Aguilar's trial on the present indictment began on July 27, 1992. Aguilar's first court-appointed attorney, who later withdrew, did not move to dismiss the indictment on Sixth Amendment speedy trial grounds. After trial began, outside the jury's presence, Aguilar's new attorney raised the issue of Aguilar's right to a speedy trial, disputing the government's contention that Aguilar had been a fugitive from justice. He insisted that if the government had endeavored to prosecute Aguilar on a timely basis, it would have found him openly living in Miami, Florida and conducting a legitimate business there. Aguilar's attorney also claimed that the government had had all the information it needed to prosecute Aguilar in 1987, but did not do so in order to gain a tactical advantage, a position the government strongly disputed. The district court instructed the jury to ignore any reference to Aguilar's alleged fugitive status in its consideration of the charges against him. The jury returned a verdict of guilty on three of the four counts, including Count IV, which had been the subject of the 1987 criminal complaint. Aguilar was sentenced to fifteen years imprisonment and four years of supervised release. This timely appeal followed.

II. ANALYSIS

The Sixth Amendment right of the accused to a speedy trial has no application prior to an "arrest, indictment, or other official accusation." Doggett v. United States, 112 S.Ct. 2686, 2692 (1992). The Supreme Court has defined "official accusation" narrowly, as embracing only a formal indictment or information. United States v. Lovasco, 431 U.S. 783, 788 (1977); United States v. Marion, 404 U.S. 307, 320 (1971); see also Pharm v. Hatcher, 984 F.2d 783, 785 (7th Cir.1993). Although a delay prior to arrest or formal accusation may give rise to a Fifth Amendment due process claim, it does not trigger the protection of the Sixth Amendment Speedy Trial Clause. United States v. MacDonald, 456 U.S. 1, 7 (1982); see Lovasco, 431 U.S. at 790; United States v. Anagnostou, 974 F.2d 939, 942 n. 1 (7th Cir.1992), cert. denied, 113 S.Ct. 1943 (1993); United States v. Koller, 956 F.2d 1408, 1413 (7th Cir.1992). Similarly, an undue delay after charges are formally dismissed but before they are refiled may violate a defendant's due process rights, MacDonald, 456 U.S. at 7, but does not, in general, implicate the defendant's right to a speedy trial. See id. at 7, 8-9; Anagnostou, 974 F.2d at 942 n. 1; Koller, 956 F.2d at 1413; United States v. Ashford, 924 F.2d 1416, 1419 (7th Cir.), cert. denied, 112 S.Ct. 98 (1991); United States v. Antonino, 830 F.2d 798, 804 (7th Cir.1987).

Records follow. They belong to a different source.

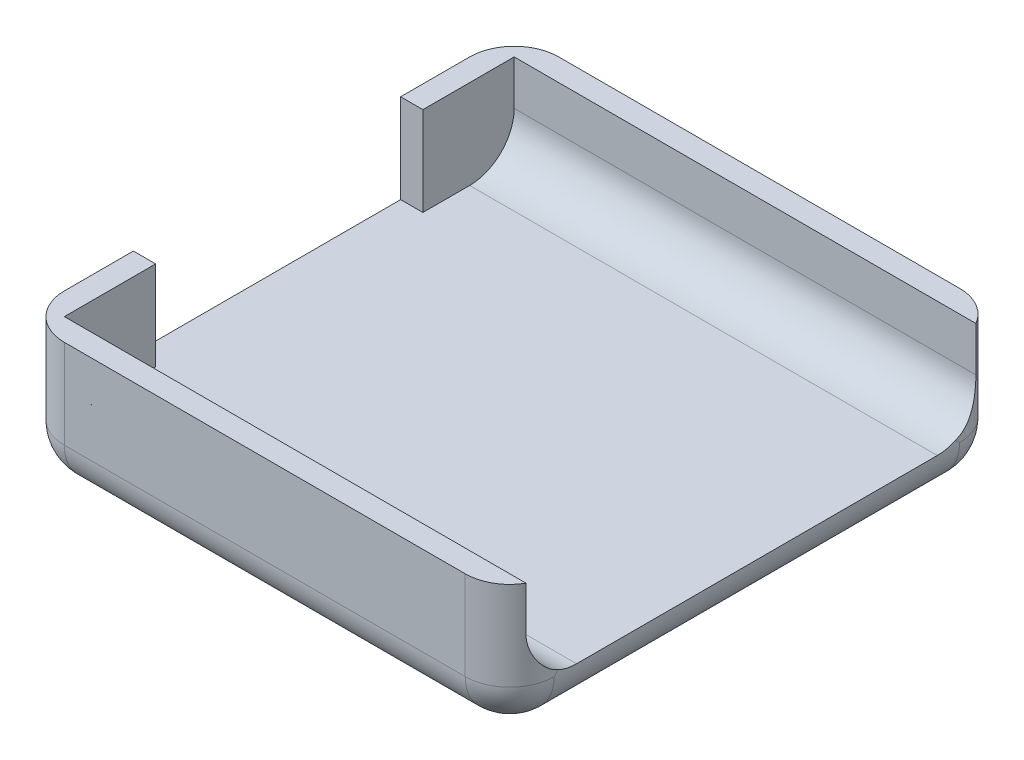
ISO-10303-21;
HEADER;
FILE_DESCRIPTION(('STEP AP214'),'2;1');
FILE_NAME('part.step','',(''),(''),'','','');
FILE_SCHEMA(('AUTOMOTIVE_DESIGN { 1 0 10303 214 1 1 1 1 }'));
ENDSEC;
DATA;
#1=APPLICATION_CONTEXT('core data for automotive mechanical design processes');
#2=APPLICATION_PROTOCOL_DEFINITION('international standard','automotive_design',2000,#1);
#3=PRODUCT_CONTEXT('',#1,'mechanical');
#4=PRODUCT('Part','Part','',(#3));
#5=PRODUCT_RELATED_PRODUCT_CATEGORY('part','',(#4));
#6=PRODUCT_DEFINITION_FORMATION('','',#4);
#7=PRODUCT_DEFINITION_CONTEXT('part definition',#1,'design');
#8=PRODUCT_DEFINITION('design','',#6,#7);
#9=PRODUCT_DEFINITION_SHAPE('','',#8);
#10=(LENGTH_UNIT() NAMED_UNIT(*) SI_UNIT(.MILLI.,.METRE.));
#11=(NAMED_UNIT(*) PLANE_ANGLE_UNIT() SI_UNIT($,.RADIAN.));
#12=(NAMED_UNIT(*) SI_UNIT($,.STERADIAN.) SOLID_ANGLE_UNIT());
#13=UNCERTAINTY_MEASURE_WITH_UNIT(LENGTH_MEASURE(1.E-05),#10,'distance_accuracy_value','');
#14=(GEOMETRIC_REPRESENTATION_CONTEXT(3) GLOBAL_UNCERTAINTY_ASSIGNED_CONTEXT((#13)) GLOBAL_UNIT_ASSIGNED_CONTEXT((#10,
#11,#12)) REPRESENTATION_CONTEXT('',''));
#15=CARTESIAN_POINT('',(0.,0.,0.));
#16=DIRECTION('',(0.,0.,1.));
#17=DIRECTION('',(1.,0.,0.));
#18=AXIS2_PLACEMENT_3D('',#15,#16,#17);
#19=CARTESIAN_POINT('',(-11.,6.,11.1));
#20=DIRECTION('',(1.,0.,0.));
#21=DIRECTION('',(0.,0.,-1.));
#22=AXIS2_PLACEMENT_3D('',#19,#20,#21);
#23=PLANE('',#22);
#24=DIRECTION('',(0.,-1.,0.));
#25=VECTOR('',#24,1.);
#26=CARTESIAN_POINT('',(-11.,2.,-6.));
#27=LINE('',#26,#25);
#28=CARTESIAN_POINT('',(-11.,6.,-6.));
#29=VERTEX_POINT('',#28);
#30=CARTESIAN_POINT('',(-11.,2.,-6.));
#31=VERTEX_POINT('',#30);
#32=EDGE_CURVE('E606',#29,#31,#27,.T.);
#33=ORIENTED_EDGE('',*,*,#32,.F.);
#34=DIRECTION('',(0.,0.,1.));
#35=VECTOR('',#34,1.);
#36=CARTESIAN_POINT('',(-11.,6.,11.1));
#37=LINE('',#36,#35);
#38=CARTESIAN_POINT('',(-11.,6.,-9.1));
#39=VERTEX_POINT('',#38);
#40=EDGE_CURVE('E544',#39,#29,#37,.T.);
#41=ORIENTED_EDGE('',*,*,#40,.F.);
#42=DIRECTION('',(0.,-1.,0.));
#43=VECTOR('',#42,1.);
#44=CARTESIAN_POINT('',(-11.,6.,-9.1));
#45=LINE('',#44,#43);
#46=CARTESIAN_POINT('',(-11.,2.,-9.1));
#47=VERTEX_POINT('',#46);
#48=EDGE_CURVE('E196',#39,#47,#45,.T.);
#49=ORIENTED_EDGE('',*,*,#48,.T.);
#50=DIRECTION('',(0.,0.,1.));
#51=VECTOR('',#50,1.);
#52=CARTESIAN_POINT('',(-11.,2.,11.1));
#53=LINE('',#52,#51);
#54=EDGE_CURVE('E516',#47,#31,#53,.T.);
#55=ORIENTED_EDGE('',*,*,#54,.T.);
#56=EDGE_LOOP('',(#33,#41,#49,#55));
#57=FACE_BOUND('',#56,.T.);
#58=ADVANCED_FACE('F39',(#57),#23,.F.);
#59=DIRECTION('',(0.,1.,0.));
#60=VECTOR('',#59,1.);
#61=CARTESIAN_POINT('',(-11.,2.,6.));
#62=LINE('',#61,#60);
#63=CARTESIAN_POINT('',(-11.,2.,6.));
#64=VERTEX_POINT('',#63);
#65=CARTESIAN_POINT('',(-11.,6.,6.));
#66=VERTEX_POINT('',#65);
#67=EDGE_CURVE('E618',#64,#66,#62,.T.);
#68=ORIENTED_EDGE('',*,*,#67,.F.);
#69=CARTESIAN_POINT('',(-11.,2.,9.1));
#70=VERTEX_POINT('',#69);
#71=EDGE_CURVE('E515',#64,#70,#53,.T.);
#72=ORIENTED_EDGE('',*,*,#71,.T.);
#73=DIRECTION('',(0.,-1.,0.));
#74=VECTOR('',#73,1.);
#75=CARTESIAN_POINT('',(-11.,6.,9.1));
#76=LINE('',#75,#74);
#77=CARTESIAN_POINT('',(-11.,6.,9.1));
#78=VERTEX_POINT('',#77);
#79=EDGE_CURVE('E518',#70,#78,#76,.F.);
#80=ORIENTED_EDGE('',*,*,#79,.T.);
#81=EDGE_CURVE('E192',#66,#78,#37,.T.);
#82=ORIENTED_EDGE('',*,*,#81,.F.);
#83=EDGE_LOOP('',(#68,#72,#80,#82));
#84=FACE_BOUND('',#83,.T.);
#85=ADVANCED_FACE('F328',(#84),#23,.F.);
#86=CARTESIAN_POINT('',(0.,6.,0.));
#87=DIRECTION('',(0.,-1.,0.));
#88=DIRECTION('',(0.,0.,-1.));
#89=AXIS2_PLACEMENT_3D('',#86,#87,#88);
#90=PLANE('',#89);
#91=DIRECTION('',(-1.,0.,0.));
#92=VECTOR('',#91,1.);
#93=CARTESIAN_POINT('',(-0.999999999999999,6.,-6.));
#94=LINE('',#93,#92);
#95=CARTESIAN_POINT('',(-10.,6.,-6.));
#96=VERTEX_POINT('',#95);
#97=EDGE_CURVE('E620',#96,#29,#94,.T.);
#98=ORIENTED_EDGE('',*,*,#97,.F.);
#99=DIRECTION('',(0.,0.,1.));
#100=VECTOR('',#99,1.);
#101=CARTESIAN_POINT('',(-10.,6.,10.1));
#102=LINE('',#101,#100);
#103=CARTESIAN_POINT('',(-10.,6.,-10.1));
#104=VERTEX_POINT('',#103);
#105=EDGE_CURVE('E632',#104,#96,#102,.T.);
#106=ORIENTED_EDGE('',*,*,#105,.F.);
#107=DIRECTION('',(-1.,0.,0.));
#108=VECTOR('',#107,1.);
#109=CARTESIAN_POINT('',(-10.,6.,-10.1));
#110=LINE('',#109,#108);
#111=CARTESIAN_POINT('',(10.7320508075689,6.,-10.1));
#112=VERTEX_POINT('',#111);
#113=EDGE_CURVE('E541',#112,#104,#110,.T.);
#114=ORIENTED_EDGE('',*,*,#113,.F.);
#115=CARTESIAN_POINT('',(9.,6.,-9.1));
#116=DIRECTION('',(0.,-1.,0.));
#117=DIRECTION('',(0.,0.,-1.));
#118=AXIS2_PLACEMENT_3D('',#115,#116,#117);
#119=CIRCLE('',#118,2.);
#120=CARTESIAN_POINT('',(9.,6.,-11.1));
#121=VERTEX_POINT('',#120);
#122=EDGE_CURVE('E195',#112,#121,#119,.F.);
#123=ORIENTED_EDGE('',*,*,#122,.T.);
#124=DIRECTION('',(-1.,0.,0.));
#125=VECTOR('',#124,1.);
#126=CARTESIAN_POINT('',(-11.,6.,-11.1));
#127=LINE('',#126,#125);
#128=CARTESIAN_POINT('',(-9.,6.,-11.1));
#129=VERTEX_POINT('',#128);
#130=EDGE_CURVE('E176',#121,#129,#127,.T.);
#131=ORIENTED_EDGE('',*,*,#130,.T.);
#132=CARTESIAN_POINT('',(-9.,6.,-9.1));
#133=DIRECTION('',(0.,-1.,0.));
#134=DIRECTION('',(0.,0.,-1.));
#135=AXIS2_PLACEMENT_3D('',#132,#133,#134);
#136=CIRCLE('',#135,2.);
#137=EDGE_CURVE('E189',#129,#39,#136,.F.);
#138=ORIENTED_EDGE('',*,*,#137,.T.);
#139=ORIENTED_EDGE('',*,*,#40,.T.);
#140=EDGE_LOOP('',(#98,#106,#114,#123,#131,#138,#139));
#141=FACE_BOUND('',#140,.T.);
#142=ADVANCED_FACE('F187',(#141),#90,.F.);
#143=CARTESIAN_POINT('',(-10.,2.,10.1));
#144=DIRECTION('',(-1.,0.,0.));
#145=DIRECTION('',(0.,0.,1.));
#146=AXIS2_PLACEMENT_3D('',#143,#144,#145);
#147=PLANE('',#146);
#148=ORIENTED_EDGE('',*,*,#105,.T.);
#149=DIRECTION('',(0.,-1.,0.));
#150=VECTOR('',#149,1.);
#151=CARTESIAN_POINT('',(-10.,2.,-6.));
#152=LINE('',#151,#150);
#153=CARTESIAN_POINT('',(-10.,2.,-6.));
#154=VERTEX_POINT('',#153);
#155=EDGE_CURVE('E216',#96,#154,#152,.T.);
#156=ORIENTED_EDGE('',*,*,#155,.T.);
#157=DIRECTION('',(0.,0.,1.));
#158=VECTOR('',#157,1.);
#159=CARTESIAN_POINT('',(-10.,2.,10.1));
#160=LINE('',#159,#158);
#161=CARTESIAN_POINT('',(-10.,2.,-8.09999999999999));
#162=VERTEX_POINT('',#161);
#163=EDGE_CURVE('E635',#162,#154,#160,.T.);
#164=ORIENTED_EDGE('',*,*,#163,.F.);
#165=CARTESIAN_POINT('',(-10.,4.,-8.09999999999999));
#166=DIRECTION('',(-1.,0.,0.));
#167=DIRECTION('',(0.,0.,1.));
#168=AXIS2_PLACEMENT_3D('',#165,#166,#167);
#169=CIRCLE('',#168,2.);
#170=CARTESIAN_POINT('',(-10.,4.,-10.1));
#171=VERTEX_POINT('',#170);
#172=EDGE_CURVE('E556',#162,#171,#169,.F.);
#173=ORIENTED_EDGE('',*,*,#172,.T.);
#174=DIRECTION('',(0.,1.,0.));
#175=VECTOR('',#174,1.);
#176=CARTESIAN_POINT('',(-10.,2.,-10.1));
#177=LINE('',#176,#175);
#178=EDGE_CURVE('E564',#171,#104,#177,.T.);
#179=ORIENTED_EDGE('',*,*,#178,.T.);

To determine whether a defendant's Sixth Amendment right to a speedy trial has been violated, courts consider four factors: (1) the length of the delay, (2) the reason for the delay, (3) the defendant's assertion of his right to a speedy trial, and (4) the prejudice to the defendant caused by the delay. Doggett, 112 S.Ct. at 2690; Barker v. Wingo, 407 U.S. 514, 530 (1972); Koller, 956 F.2d at 1413. None of these factors is alone dispositive, but must be considered in light of all the relevant facts and circumstances of the case. Barker, 407 U.S. at 533. Moreover, where an extraordinary delay between indictment and arrest is brought about by the government's negligence, affirmative proof of the fourth Barker factor, particularized prejudice, is not necessary. Doggett, 112 S.Ct.